(Collection entries)
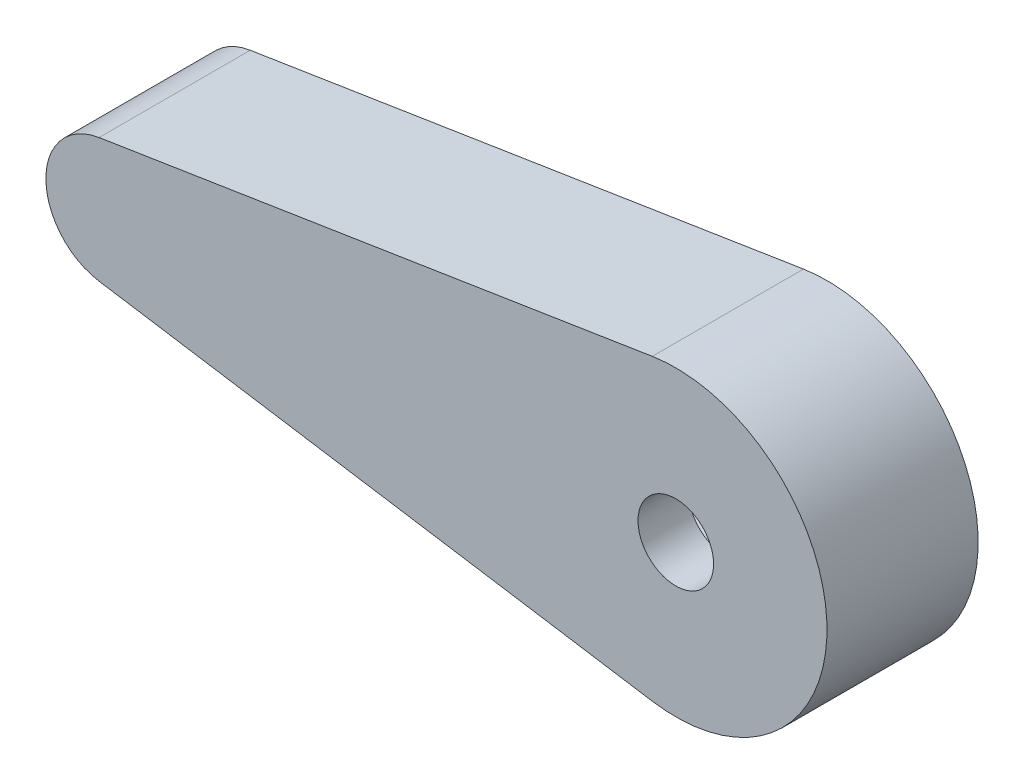
ISO-10303-21;
HEADER;
FILE_DESCRIPTION(('STEP AP214'),'2;1');
FILE_NAME('part.step','',(''),(''),'','','');
FILE_SCHEMA(('AUTOMOTIVE_DESIGN { 1 0 10303 214 1 1 1 1 }'));
ENDSEC;
DATA;
#1=APPLICATION_CONTEXT('core data for automotive mechanical design processes');
#2=APPLICATION_PROTOCOL_DEFINITION('international standard','automotive_design',2000,#1);
#3=PRODUCT_CONTEXT('',#1,'mechanical');
#4=PRODUCT('Part','Part','',(#3));
#5=PRODUCT_RELATED_PRODUCT_CATEGORY('part','',(#4));
#6=PRODUCT_DEFINITION_FORMATION('','',#4);
#7=PRODUCT_DEFINITION_CONTEXT('part definition',#1,'design');
#8=PRODUCT_DEFINITION('design','',#6,#7);
#9=PRODUCT_DEFINITION_SHAPE('','',#8);
#10=(LENGTH_UNIT() NAMED_UNIT(*) SI_UNIT(.MILLI.,.METRE.));
#11=(NAMED_UNIT(*) PLANE_ANGLE_UNIT() SI_UNIT($,.RADIAN.));
#12=(NAMED_UNIT(*) SI_UNIT($,.STERADIAN.) SOLID_ANGLE_UNIT());
#13=UNCERTAINTY_MEASURE_WITH_UNIT(LENGTH_MEASURE(1.E-05),#10,'distance_accuracy_value','');
#14=(GEOMETRIC_REPRESENTATION_CONTEXT(3) GLOBAL_UNCERTAINTY_ASSIGNED_CONTEXT((#13)) GLOBAL_UNIT_ASSIGNED_CONTEXT((#10,
#11,#12)) REPRESENTATION_CONTEXT('',''));
#15=CARTESIAN_POINT('',(0.,0.,0.));
#16=DIRECTION('',(0.,0.,1.));
#17=DIRECTION('',(1.,0.,0.));
#18=AXIS2_PLACEMENT_3D('',#15,#16,#17);
#19=CARTESIAN_POINT('',(-22.5000000000005,-5.73011883711468E-13,2.));
#20=DIRECTION('',(0.,0.,-1.));
#21=DIRECTION('',(-1.,0.,0.));
#22=AXIS2_PLACEMENT_3D('',#19,#20,#21);
#23=CYLINDRICAL_SURFACE('',#22,2.5);
#24=DIRECTION('',(0.,0.,-1.));
#25=VECTOR('',#24,1.);
#26=CARTESIAN_POINT('',(-22.8888888888894,2.46956786343197,2.));
#27=LINE('',#26,#25);
#28=CARTESIAN_POINT('',(-22.8888888888894,2.46956786343197,2.));
#29=VERTEX_POINT('',#28);
#30=CARTESIAN_POINT('',(-22.8888888888894,2.46956786343197,-4.));
#31=VERTEX_POINT('',#30);
#32=EDGE_CURVE('E163',#29,#31,#27,.T.);
#33=ORIENTED_EDGE('',*,*,#32,.T.);
#34=CARTESIAN_POINT('',(-22.5000000000005,-5.73011883711468E-13,-4.));
#35=DIRECTION('',(0.,0.,-1.));
#36=DIRECTION('',(-1.,0.,0.));
#37=AXIS2_PLACEMENT_3D('',#34,#35,#36);
#38=CIRCLE('',#37,2.5);
#39=CARTESIAN_POINT('',(-22.8888888888894,-2.46956786343311,-4.));
#40=VERTEX_POINT('',#39);
#41=EDGE_CURVE('E119',#40,#31,#38,.T.);
#42=ORIENTED_EDGE('',*,*,#41,.F.);
#43=DIRECTION('',(0.,0.,-1.));
#44=VECTOR('',#43,1.);
#45=CARTESIAN_POINT('',(-22.8888888888894,-2.46956786343311,2.));
#46=LINE('',#45,#44);
#47=CARTESIAN_POINT('',(-22.8888888888894,-2.46956786343311,2.));
#48=VERTEX_POINT('',#47);
#49=EDGE_CURVE('E11',#48,#40,#46,.T.);
#50=ORIENTED_EDGE('',*,*,#49,.F.);
#51=CARTESIAN_POINT('',(-22.5000000000005,-5.73011883711468E-13,2.));
#52=DIRECTION('',(0.,0.,1.));
#53=DIRECTION('',(1.,0.,0.));
#54=AXIS2_PLACEMENT_3D('',#51,#52,#53);
#55=CIRCLE('',#54,2.5);
#56=EDGE_CURVE('E156',#29,#48,#55,.T.);
#57=ORIENTED_EDGE('',*,*,#56,.F.);
#58=EDGE_LOOP('',(#33,#42,#50,#57));
#59=FACE_BOUND('',#58,.T.);
#60=ADVANCED_FACE('F38',(#59),#23,.T.);
#61=CARTESIAN_POINT('',(-22.8888888888894,-2.46956786343311,2.));
#62=DIRECTION('',(0.155555555555555,0.987827145373017,0.));
#63=DIRECTION('',(-0.987827145373017,0.155555555555555,0.));
#64=AXIS2_PLACEMENT_3D('',#61,#62,#63);
#65=PLANE('',#64);
#66=ORIENTED_EDGE('',*,*,#49,.T.);
#67=DIRECTION('',(-0.987827145373016,0.155555555555556,0.));
#68=VECTOR('',#67,1.);
#69=CARTESIAN_POINT('',(-0.933333333333847,-5.92696287223868,-4.));
#70=LINE('',#69,#68);
#71=CARTESIAN_POINT('',(-0.933333333333847,-5.92696287223868,-4.));
#72=VERTEX_POINT('',#71);
#73=EDGE_CURVE('E153',#72,#40,#70,.T.);
#74=ORIENTED_EDGE('',*,*,#73,.F.);
#75=DIRECTION('',(0.,0.,-1.));
#76=VECTOR('',#75,1.);
#77=CARTESIAN_POINT('',(-0.93333333333385,-5.92696287223867,2.));
#78=LINE('',#77,#76);
#79=CARTESIAN_POINT('',(-0.93333333333385,-5.92696287223867,2.));
#80=VERTEX_POINT('',#79);
#81=EDGE_CURVE('E45',#80,#72,#78,.T.);
#82=ORIENTED_EDGE('',*,*,#81,.F.);
#83=DIRECTION('',(0.987827145373016,-0.155555555555555,0.));
#84=VECTOR('',#83,1.);
#85=CARTESIAN_POINT('',(-22.8888888888894,-2.46956786343311,2.));
#86=LINE('',#85,#84);
#87=EDGE_CURVE('E158',#48,#80,#86,.T.);
#88=ORIENTED_EDGE('',*,*,#87,.F.);
#89=EDGE_LOOP('',(#66,#74,#82,#88));
#90=FACE_BOUND('',#89,.T.);
#91=ADVANCED_FACE('F177',(#90),#65,.F.);
#92=CARTESIAN_POINT('',(-5.369729792842E-13,-5.82182997684678E-13,2.));
#93=DIRECTION('',(0.,0.,-1.));
#94=DIRECTION('',(-1.,0.,0.));
#95=AXIS2_PLACEMENT_3D('',#92,#93,#94);
#96=CYLINDRICAL_SURFACE('',#95,6.);
#97=ORIENTED_EDGE('',*,*,#81,.T.);
#98=CARTESIAN_POINT('',(-5.369729792842E-13,-5.82182997684678E-13,-4.));
#99=DIRECTION('',(0.,0.,-1.));
#100=DIRECTION('',(-1.,0.,0.));
#101=AXIS2_PLACEMENT_3D('',#98,#99,#100);
#102=CIRCLE('',#101,6.);
#103=CARTESIAN_POINT('',(-0.933333333333848,5.92696287223752,-4.));
#104=VERTEX_POINT('',#103);
#105=EDGE_CURVE('E150',#104,#72,#102,.T.);
#106=ORIENTED_EDGE('',*,*,#105,.F.);
#107=DIRECTION('',(0.,0.,-1.));
#108=VECTOR('',#107,1.);
#109=CARTESIAN_POINT('',(-0.933333333333849,5.92696287223752,2.));
#110=LINE('',#109,#108);
#111=CARTESIAN_POINT('',(-0.933333333333849,5.92696287223752,2.));
#112=VERTEX_POINT('',#111);
#113=EDGE_CURVE('E165',#112,#104,#110,.T.);
#114=ORIENTED_EDGE('',*,*,#113,.F.);
#115=CARTESIAN_POINT('',(-5.369729792842E-13,-5.82182997684678E-13,2.));
#116=DIRECTION('',(0.,0.,1.));
#117=DIRECTION('',(1.,0.,0.));
#118=AXIS2_PLACEMENT_3D('',#115,#116,#117);
#119=CIRCLE('',#118,6.);
#120=EDGE_CURVE('E160',#80,#112,#119,.T.);
#121=ORIENTED_EDGE('',*,*,#120,.F.);
#122=EDGE_LOOP('',(#97,#106,#114,#121));
#123=FACE_BOUND('',#122,.T.);
#124=ADVANCED_FACE('F170',(#123),#96,.T.);
#125=CARTESIAN_POINT('',(-22.8888888888894,2.46956786343197,2.));
#126=DIRECTION('',(0.155555555555556,-0.987827145373016,0.));
#127=DIRECTION('',(0.987827145373017,0.155555555555556,0.));
#128=AXIS2_PLACEMENT_3D('',#125,#126,#127);
#129=PLANE('',#128);
#130=ORIENTED_EDGE('',*,*,#113,.T.);
#131=DIRECTION('',(0.987827145373016,0.155555555555555,0.));
#132=VECTOR('',#131,1.);
#133=CARTESIAN_POINT('',(-22.8888888888894,2.46956786343197,-4.));
#134=LINE('',#133,#132);
#135=EDGE_CURVE('E147',#31,#104,#134,.T.);
#136=ORIENTED_EDGE('',*,*,#135,.F.);
#137=ORIENTED_EDGE('',*,*,#32,.F.);
#138=DIRECTION('',(-0.987827145373016,-0.155555555555556,0.));
#139=VECTOR('',#138,1.);
#140=CARTESIAN_POINT('',(-22.8888888888894,2.46956786343197,2.));
#141=LINE('',#140,#139);
#142=EDGE_CURVE('E60',#112,#29,#141,.T.);
#143=ORIENTED_EDGE('',*,*,#142,.F.);
#144=EDGE_LOOP('',(#130,#136,#137,#143));
#145=FACE_BOUND('',#144,.T.);
#146=ADVANCED_FACE('F182',(#145),#129,.F.);
#147=CARTESIAN_POINT('',(-22.5000000000005,-5.73011883711468E-13,2.));
#148=DIRECTION('',(0.,0.,1.));
#149=DIRECTION('',(1.,0.,0.));
#150=AXIS2_PLACEMENT_3D('',#147,#148,#149);
#151=PLANE('',#150);
#152=CARTESIAN_POINT('',(0.,0.,2.));
#153=DIRECTION('',(0.,0.,-1.));
#154=DIRECTION('',(-1.,0.,0.));
#155=AXIS2_PLACEMENT_3D('',#152,#153,#154);
#156=CIRCLE('',#155,1.5);
#157=CARTESIAN_POINT('',(-1.5,0.,2.));
#158=VERTEX_POINT('',#157);
#159=EDGE_CURVE('E134',#158,#158,#156,.T.);
#160=ORIENTED_EDGE('',*,*,#159,.T.);
#161=EDGE_LOOP('',(#160));
#162=FACE_BOUND('',#161,.T.);
#163=ORIENTED_EDGE('',*,*,#56,.T.);
#164=ORIENTED_EDGE('',*,*,#87,.T.);
#165=ORIENTED_EDGE('',*,*,#120,.T.);
#166=ORIENTED_EDGE('',*,*,#142,.T.);
#167=EDGE_LOOP('',(#163,#164,#165,#166));
#168=FACE_BOUND('',#167,.T.);
#169=ADVANCED_FACE('F184',(#162,#168),#151,.T.);
#170=CARTESIAN_POINT('',(-22.5000000000005,-5.73011883711468E-13,-4.));
#171=DIRECTION('',(0.,0.,-1.));
#172=DIRECTION('',(-1.,0.,0.));
#173=AXIS2_PLACEMENT_3D('',#170,#171,#172);
#174=PLANE('',#173);
#175=ORIENTED_EDGE('',*,*,#41,.T.);
#176=ORIENTED_EDGE('',*,*,#135,.T.);
#177=ORIENTED_EDGE('',*,*,#105,.T.);
#178=ORIENTED_EDGE('',*,*,#73,.T.);
#179=EDGE_LOOP('',(#175,#176,#177,#178));
#180=FACE_BOUND('',#179,.T.);
#181=DIRECTION('',(-0.998510440144325,0.0545609835210726,0.));
#182=VECTOR('',#181,1.);
#183=CARTESIAN_POINT('',(-14.1754902620985,-2.29657401233195,-4.));
#184=LINE('',#183,#182);
#185=CARTESIAN_POINT('',(-2.32247414384049,-2.94425098305026,-4.));
#186=VERTEX_POINT('',#185);
#187=CARTESIAN_POINT('',(-14.1754902620985,-2.29657401233195,-4.));
#188=VERTEX_POINT('',#187);
#189=EDGE_CURVE('E111',#186,#188,#184,.T.);
#190=ORIENTED_EDGE('',*,*,#189,.F.);
#191=CARTESIAN_POINT('',(0.,0.,-4.));
#192=DIRECTION('',(0.,0.,-1.));
#193=DIRECTION('',(-1.,0.,0.));
#194=AXIS2_PLACEMENT_3D('',#191,#192,#193);
#195=CIRCLE('',#194,3.75);
#196=CARTESIAN_POINT('',(-2.32247414384049,2.94425098305026,-4.));
#197=VERTEX_POINT('',#196);
#198=EDGE_CURVE('E103',#197,#186,#195,.T.);
#199=ORIENTED_EDGE('',*,*,#198,.F.);
#200=DIRECTION('',(0.998510440144325,0.0545609835210729,0.));
#201=VECTOR('',#200,1.);
#202=CARTESIAN_POINT('',(-14.1754902620985,2.29657401233194,-4.));
#203=LINE('',#202,#201);
#204=CARTESIAN_POINT('',(-14.1754902620985,2.29657401233194,-4.));
#205=VERTEX_POINT('',#204);
#206=EDGE_CURVE('E127',#205,#197,#203,.T.);
#207=ORIENTED_EDGE('',*,*,#206,.F.);
#208=CARTESIAN_POINT('',(-14.05,0.,-4.));
#209=DIRECTION('',(0.,0.,-1.));
#210=DIRECTION('',(-1.,0.,0.));
#211=AXIS2_PLACEMENT_3D('',#208,#209,#210);
#212=CIRCLE('',#211,2.3);
#213=EDGE_CURVE('E125',#188,#205,#212,.T.);
#214=ORIENTED_EDGE('',*,*,#213,.F.);
#215=EDGE_LOOP('',(#190,#199,#207,#214));
#216=FACE_BOUND('',#215,.T.);
#217=ADVANCED_FACE('F123',(#180,#216),#174,.T.);
#218=CARTESIAN_POINT('',(0.,0.,-4.));
#219=DIRECTION('',(0.,0.,1.));
#220=DIRECTION('',(1.,0.,0.));
#221=AXIS2_PLACEMENT_3D('',#218,#219,#220);
#222=CYLINDRICAL_SURFACE('',#221,3.75);
#223=CARTESIAN_POINT('',(0.,0.,0.));
#224=DIRECTION('',(0.,0.,-1.));
#225=DIRECTION('',(-1.,0.,0.));
#226=AXIS2_PLACEMENT_3D('',#223,#224,#225);
#227=CIRCLE('',#226,3.75);
#228=CARTESIAN_POINT('',(-2.32247414384049,2.94425098305026,0.));
#229=VERTEX_POINT('',#228);
#230=CARTESIAN_POINT('',(-2.32247414384049,-2.94425098305026,0.));
#231=VERTEX_POINT('',#230);
#232=EDGE_CURVE('E132',#229,#231,#227,.T.);
#233=ORIENTED_EDGE('',*,*,#232,.F.);
#234=DIRECTION('',(0.,0.,1.));
#235=VECTOR('',#234,1.);
#236=CARTESIAN_POINT('',(-2.32247414384049,2.94425098305026,-4.));
#237=LINE('',#236,#235);
#238=EDGE_CURVE('E52',#197,#229,#237,.T.);
#239=ORIENTED_EDGE('',*,*,#238,.F.);
#240=ORIENTED_EDGE('',*,*,#198,.T.);
#241=DIRECTION('',(0.,0.,1.));
#242=VECTOR('',#241,1.);
#243=CARTESIAN_POINT('',(-2.32247414384049,-2.94425098305026,-4.));
#244=LINE('',#243,#242);
#245=EDGE_CURVE('E106',#186,#231,#244,.T.);
#246=ORIENTED_EDGE('',*,*,#245,.T.);
#247=EDGE_LOOP('',(#233,#239,#240,#246));
#248=FACE_BOUND('',#247,.T.);
#249=ADVANCED_FACE('F105',(#248),#222,.F.);
#250=CARTESIAN_POINT('',(-14.1754902620985,-2.29657401233195,-4.));
#251=DIRECTION('',(0.0545609835210726,0.998510440144325,0.));
#252=DIRECTION('',(-0.998510440144325,0.0545609835210726,0.));
#253=AXIS2_PLACEMENT_3D('',#250,#251,#252);
#254=PLANE('',#253);
#255=DIRECTION('',(-0.998510440144325,0.0545609835210726,0.));
#256=VECTOR('',#255,1.);
#257=CARTESIAN_POINT('',(-14.1754902620985,-2.29657401233195,0.));
#258=LINE('',#257,#256);
#259=CARTESIAN_POINT('',(-14.1754902620985,-2.29657401233195,0.));
#260=VERTEX_POINT('',#259);
#261=EDGE_CURVE('E118',#231,#260,#258,.T.);
#262=ORIENTED_EDGE('',*,*,#261,.F.);
#263=ORIENTED_EDGE('',*,*,#245,.F.);
#264=ORIENTED_EDGE('',*,*,#189,.T.);
#265=DIRECTION('',(0.,0.,1.));
#266=VECTOR('',#265,1.);
#267=CARTESIAN_POINT('',(-14.1754902620985,-2.29657401233195,-4.));
#268=LINE('',#267,#266);
#269=EDGE_CURVE('E120',#188,#260,#268,.T.);
#270=ORIENTED_EDGE('',*,*,#269,.T.);
#271=EDGE_LOOP('',(#262,#263,#264,#270));
#272=FACE_BOUND('',#271,.T.);
#273=ADVANCED_FACE('F115',(#272),#254,.T.);
#274=CARTESIAN_POINT('',(-14.05,0.,-4.));
#275=DIRECTION('',(0.,0.,1.));
#276=DIRECTION('',(1.,0.,0.));
#277=AXIS2_PLACEMENT_3D('',#274,#275,#276);
#278=CYLINDRICAL_SURFACE('',#277,2.3);
#279=CARTESIAN_POINT('',(-14.05,0.,0.));
#280=DIRECTION('',(0.,0.,-1.));
#281=DIRECTION('',(-1.,0.,0.));
#282=AXIS2_PLACEMENT_3D('',#279,#280,#281);
#283=CIRCLE('',#282,2.3);
#284=CARTESIAN_POINT('',(-14.1754902620985,2.29657401233194,0.));
#285=VERTEX_POINT('',#284);
#286=EDGE_CURVE('E136',#260,#285,#283,.T.);
#287=ORIENTED_EDGE('',*,*,#286,.F.);
#288=ORIENTED_EDGE('',*,*,#269,.F.);
#289=ORIENTED_EDGE('',*,*,#213,.T.);
#290=DIRECTION('',(0.,0.,1.));
#291=VECTOR('',#290,1.);
#292=CARTESIAN_POINT('',(-14.1754902620985,2.29657401233194,-4.));
#293=LINE('',#292,#291);
#294=EDGE_CURVE('E142',#205,#285,#293,.T.);
#295=ORIENTED_EDGE('',*,*,#294,.T.);
#296=EDGE_LOOP('',(#287,#288,#289,#295));
#297=FACE_BOUND('',#296,.T.);
#298=ADVANCED_FACE('F235',(#297),#278,.F.);
#299=CARTESIAN_POINT('',(-14.1754902620985,2.29657401233194,-4.));
#300=DIRECTION('',(0.0545609835210729,-0.998510440144325,0.));
#301=DIRECTION('',(0.998510440144325,0.0545609835210729,0.));
#302=AXIS2_PLACEMENT_3D('',#299,#300,#301);
#303=PLANE('',#302);
#304=DIRECTION('',(0.998510440144325,0.0545609835210729,0.));
#305=VECTOR('',#304,1.);
#306=CARTESIAN_POINT('',(-14.1754902620985,2.29657401233194,0.));
#307=LINE('',#306,#305);
#308=EDGE_CURVE('E112',#285,#229,#307,.T.);
#309=ORIENTED_EDGE('',*,*,#308,.F.);
#310=ORIENTED_EDGE('',*,*,#294,.F.);
#311=ORIENTED_EDGE('',*,*,#206,.T.);
#312=ORIENTED_EDGE('',*,*,#238,.T.);
#313=EDGE_LOOP('',(#309,#310,#311,#312));
#314=FACE_BOUND('',#313,.T.);
#315=ADVANCED_FACE('F244',(#314),#303,.T.);
#316=CARTESIAN_POINT('',(-22.5000000000005,-5.73011883711468E-13,0.));
#317=DIRECTION('',(0.,0.,1.));
#318=DIRECTION('',(1.,0.,0.));
#319=AXIS2_PLACEMENT_3D('',#316,#317,#318);
#320=PLANE('',#319);
#321=CARTESIAN_POINT('',(0.,0.,0.));
#322=DIRECTION('',(0.,0.,-1.));
#323=DIRECTION('',(-1.,0.,0.));
#324=AXIS2_PLACEMENT_3D('',#321,#322,#323);
#325=CIRCLE('',#324,1.5);
#326=CARTESIAN_POINT('',(-1.5,0.,0.));
#327=VERTEX_POINT('',#326);
#328=EDGE_CURVE('E288',#327,#327,#325,.T.);
#329=ORIENTED_EDGE('',*,*,#328,.F.);
#330=EDGE_LOOP('',(#329));
#331=FACE_BOUND('',#330,.T.);
#332=ORIENTED_EDGE('',*,*,#308,.T.);
#333=ORIENTED_EDGE('',*,*,#232,.T.);
#334=ORIENTED_EDGE('',*,*,#261,.T.);
#335=ORIENTED_EDGE('',*,*,#286,.T.);
#336=EDGE_LOOP('',(#332,#333,#334,#335));
#337=FACE_BOUND('',#336,.T.);
#338=ADVANCED_FACE('F254',(#331,#337),#320,.F.);
#339=CARTESIAN_POINT('',(0.,0.,2.));
#340=DIRECTION('',(0.,0.,-1.));
#341=DIRECTION('',(-1.,0.,0.));
#342=AXIS2_PLACEMENT_3D('',#339,#340,#341);
#343=CYLINDRICAL_SURFACE('',#342,1.5);
#344=ORIENTED_EDGE('',*,*,#159,.F.);
#345=EDGE_LOOP('',(#344));
#346=FACE_BOUND('',#345,.T.);
#347=ORIENTED_EDGE('',*,*,#328,.T.);
#348=EDGE_LOOP('',(#347));
#349=FACE_BOUND('',#348,.T.);
#350=ADVANCED_FACE('F270',(#346,#349),#343,.F.);
#351=CLOSED_SHELL('',(#60,#91,#124,#146,#169,#217,#249,#273,#298,#315,#338,#350));
#352=MANIFOLD_SOLID_BREP('B2',#351);
#353=ADVANCED_BREP_SHAPE_REPRESENTATION('',(#18,#352),#14);
#354=SHAPE_DEFINITION_REPRESENTATION(#9,#353);
ENDSEC;
END-ISO-10303-21;

[Work task]: The output should be exactly the lines above from the line containing "#165=ORIENTED_EDGE('',*,*,#120,.T.);" to the line containing "#207=ORIENTED_EDGE('',*,*,#206,.F.);", inclusive, with no other lines.

[Exercise answer]:
#165=ORIENTED_EDGE('',*,*,#120,.T.);
#166=ORIENTED_EDGE('',*,*,#142,.T.);
#167=EDGE_LOOP('',(#163,#164,#165,#166));
#168=FACE_BOUND('',#167,.T.);
#169=ADVANCED_FACE('F184',(#162,#168),#151,.T.);
#170=CARTESIAN_POINT('',(-22.5000000000005,-5.73011883711468E-13,-4.));
#171=DIRECTION('',(0.,0.,-1.));
#172=DIRECTION('',(-1.,0.,0.));
#173=AXIS2_PLACEMENT_3D('',#170,#171,#172);
#174=PLANE('',#173);
#175=ORIENTED_EDGE('',*,*,#41,.T.);
#176=ORIENTED_EDGE('',*,*,#135,.T.);
#177=ORIENTED_EDGE('',*,*,#105,.T.);
#178=ORIENTED_EDGE('',*,*,#73,.T.);
#179=EDGE_LOOP('',(#175,#176,#177,#178));
#180=FACE_BOUND('',#179,.T.);
#181=DIRECTION('',(-0.998510440144325,0.0545609835210726,0.));
#182=VECTOR('',#181,1.);
#183=CARTESIAN_POINT('',(-14.1754902620985,-2.29657401233195,-4.));
#184=LINE('',#183,#182);
#185=CARTESIAN_POINT('',(-2.32247414384049,-2.94425098305026,-4.));
#186=VERTEX_POINT('',#185);
#187=CARTESIAN_POINT('',(-14.1754902620985,-2.29657401233195,-4.));
#188=VERTEX_POINT('',#187);
#189=EDGE_CURVE('E111',#186,#188,#184,.T.);
#190=ORIENTED_EDGE('',*,*,#189,.F.);
#191=CARTESIAN_POINT('',(0.,0.,-4.));
#192=DIRECTION('',(0.,0.,-1.));
#193=DIRECTION('',(-1.,0.,0.));
#194=AXIS2_PLACEMENT_3D('',#191,#192,#193);
#195=CIRCLE('',#194,3.75);
#196=CARTESIAN_POINT('',(-2.32247414384049,2.94425098305026,-4.));
#197=VERTEX_POINT('',#196);
#198=EDGE_CURVE('E103',#197,#186,#195,.T.);
#199=ORIENTED_EDGE('',*,*,#198,.F.);
#200=DIRECTION('',(0.998510440144325,0.0545609835210729,0.));
#201=VECTOR('',#200,1.);
#202=CARTESIAN_POINT('',(-14.1754902620985,2.29657401233194,-4.));
#203=LINE('',#202,#201);
#204=CARTESIAN_POINT('',(-14.1754902620985,2.29657401233194,-4.));
#205=VERTEX_POINT('',#204);
#206=EDGE_CURVE('E127',#205,#197,#203,.T.);
#207=ORIENTED_EDGE('',*,*,#206,.F.);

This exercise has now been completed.